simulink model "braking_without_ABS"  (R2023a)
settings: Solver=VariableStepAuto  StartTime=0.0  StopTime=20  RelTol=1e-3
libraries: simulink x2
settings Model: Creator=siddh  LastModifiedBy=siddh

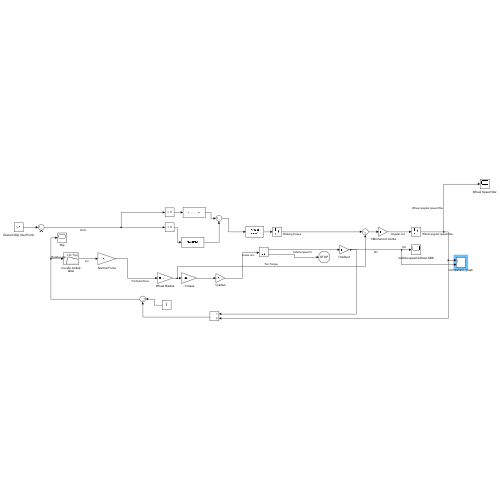
[thumbnail: Simulink's stored preview of the top-level diagram]
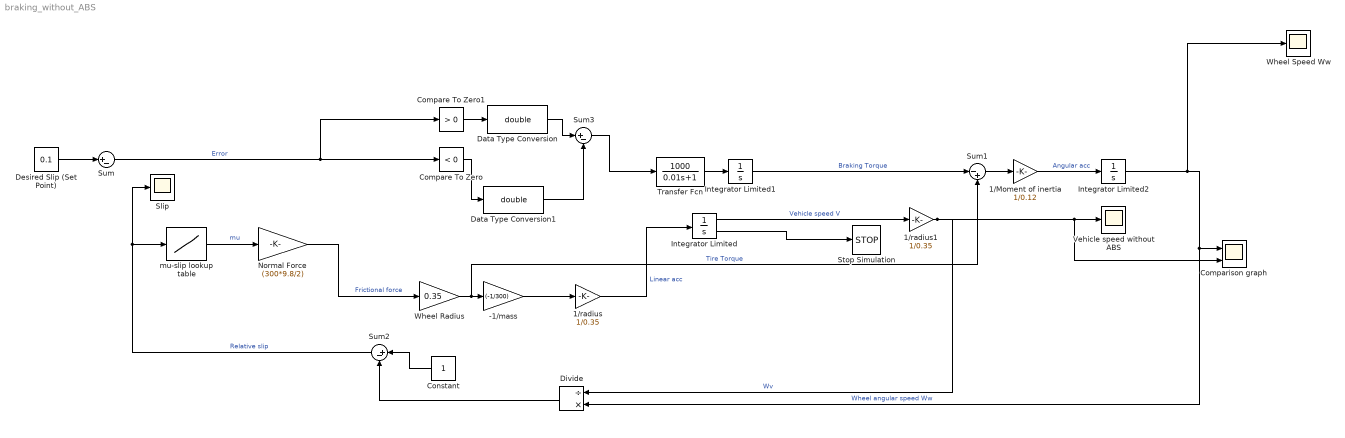
== system braking_without_ABS ==
  -1/mass : Gain  Gain=(-1/300)
  1/Moment of inertia : Gain  Gain=1/0.12
  1/radius : Gain  Gain=1/0.35
  1/radius1 : Gain  Gain=1/0.35
  Compare To Zero : simulink/Logic and Bit Operations/Compare To Zero  relop=<  OutDataTypeStr=boolean
  Compare To Zero1 : simulink/Logic and Bit Operations/Compare To Zero  relop=>  OutDataTypeStr=boolean
  Comparison graph : Scope  NumInputPorts=2
  Constant : Constant
  Data Type Conversion : DataTypeConversion  OutDataTypeStr=double  SaturateOnIntegerOverflow=off
  Data Type Conversion1 : DataTypeConversion  OutDataTypeStr=double  SaturateOnIntegerOverflow=off
  "Desired Slip (Set Point) " : Constant  Value=0.1
  Divide : Product  Inputs=/*
  Integrator Limited : Integrator  InitialCondition=30  LimitOutput=on  UpperSaturationLimit=500  LowerSaturationLimit=0  ShowSaturationPort=on
  Integrator Limited1 : Integrator  LimitOutput=on  UpperSaturationLimit=2000  LowerSaturationLimit=0
  Integrator Limited2 : Integrator  InitialCondition=30/0.35  LimitOutput=on  UpperSaturationLimit=500  LowerSaturationLimit=0
  Normal Force : Gain  Gain=(300*9.8/2)
  "Slip " : Scope
  Stop Simulation : Stop
  Sum : Sum  Inputs=|+-
  Sum1 : Sum  Inputs=|-+
  Sum2 : Sum  Inputs=|+-
  Sum3 : Sum  Inputs=|+-
  Transfer Fcn : TransferFcn  Numerator=[1000]  Denominator=[0.01 1]
  Vehicle speed without ABS : Scope
  Wheel Radius : Gain  Gain=0.35
  Wheel Speed Ww : Scope
  mu-slip lookup table : Lookup_n-D  NumberOfTableDimensions=1  BreakpointsForDimension1=[0,0.05,0.1,0.15,0.2,0.25,0.3,0.35,0.4,0.45,0.5,0.55,0.60,0.65,0.70,0.75,0.80,0.85,0.90,0.95,1]  Table=[0,0.4,0.8,0.97,1,0.98,0.96,0.94,0.92,0.9,0.88,0.855,0.83,0.81,0.79,0.77,0.75,0.73,0.72,0.71,0.7]  InternalRulePriority=Speed  RndMeth=Simplest
  wires:
  1/radius1/1 -> Divide/1, Comparison graph/2, Vehicle speed without ABS/1  "Wv"
  Sum3/1 -> Transfer Fcn/1
  Compare To Zero1/1 -> Data Type Conversion/1
  Compare To Zero/1 -> Data Type Conversion1/1
  Divide/1 -> Sum2/2
  1/Moment of inertia/1 -> Integrator Limited2/1  "Angular acc"
  Constant/1 -> Sum2/1
  Sum1/1 -> 1/Moment of inertia/1
  Transfer Fcn/1 -> Integrator Limited1/1
  1/radius/1 -> Integrator Limited/1  "Linear acc"
  Integrator Limited1/1 -> Sum1/1  "Braking Torque"
  Data Type Conversion1/1 -> Sum3/2
  Sum/1 -> Compare To Zero/1, Compare To Zero1/1  "Error"
  Integrator Limited2/1 -> Divide/2, Comparison graph/1, Wheel Speed Ww/1  "Wheel angular speed Ww"
  Integrator Limited/1 -> 1/radius1/1  "Vehicle speed V"
  "Desired Slip (Set Point) "/1 -> Sum/1
  Integrator Limited/2 -> Stop Simulation/1
  Normal Force/1 -> Wheel Radius/1  "Frictional force"
  Sum2/1 -> "Slip "/1, mu-slip lookup table/1  "Relative slip"
  mu-slip lookup table/1 -> Normal Force/1  "mu"
  -1/mass/1 -> 1/radius/1
  Wheel Radius/1 -> Sum1/2, -1/mass/1  "Tire Torque"
  Data Type Conversion/1 -> Sum3/1

Task directions>
At the line with "Transfer Fcn/1 -> Integrator Limited1/1", start returning lines exactly, and stop after the final line of the listing.

Output for this task>
  Transfer Fcn/1 -> Integrator Limited1/1
  1/radius/1 -> Integrator Limited/1  "Linear acc"
  Integrator Limited1/1 -> Sum1/1  "Braking Torque"
  Data Type Conversion1/1 -> Sum3/2
  Sum/1 -> Compare To Zero/1, Compare To Zero1/1  "Error"
  Integrator Limited2/1 -> Divide/2, Comparison graph/1, Wheel Speed Ww/1  "Wheel angular speed Ww"
  Integrator Limited/1 -> 1/radius1/1  "Vehicle speed V"
  "Desired Slip (Set Point) "/1 -> Sum/1
  Integrator Limited/2 -> Stop Simulation/1
  Normal Force/1 -> Wheel Radius/1  "Frictional force"
  Sum2/1 -> "Slip "/1, mu-slip lookup table/1  "Relative slip"
  mu-slip lookup table/1 -> Normal Force/1  "mu"
  -1/mass/1 -> 1/radius/1
  Wheel Radius/1 -> Sum1/2, -1/mass/1  "Tire Torque"
  Data Type Conversion/1 -> Sum3/1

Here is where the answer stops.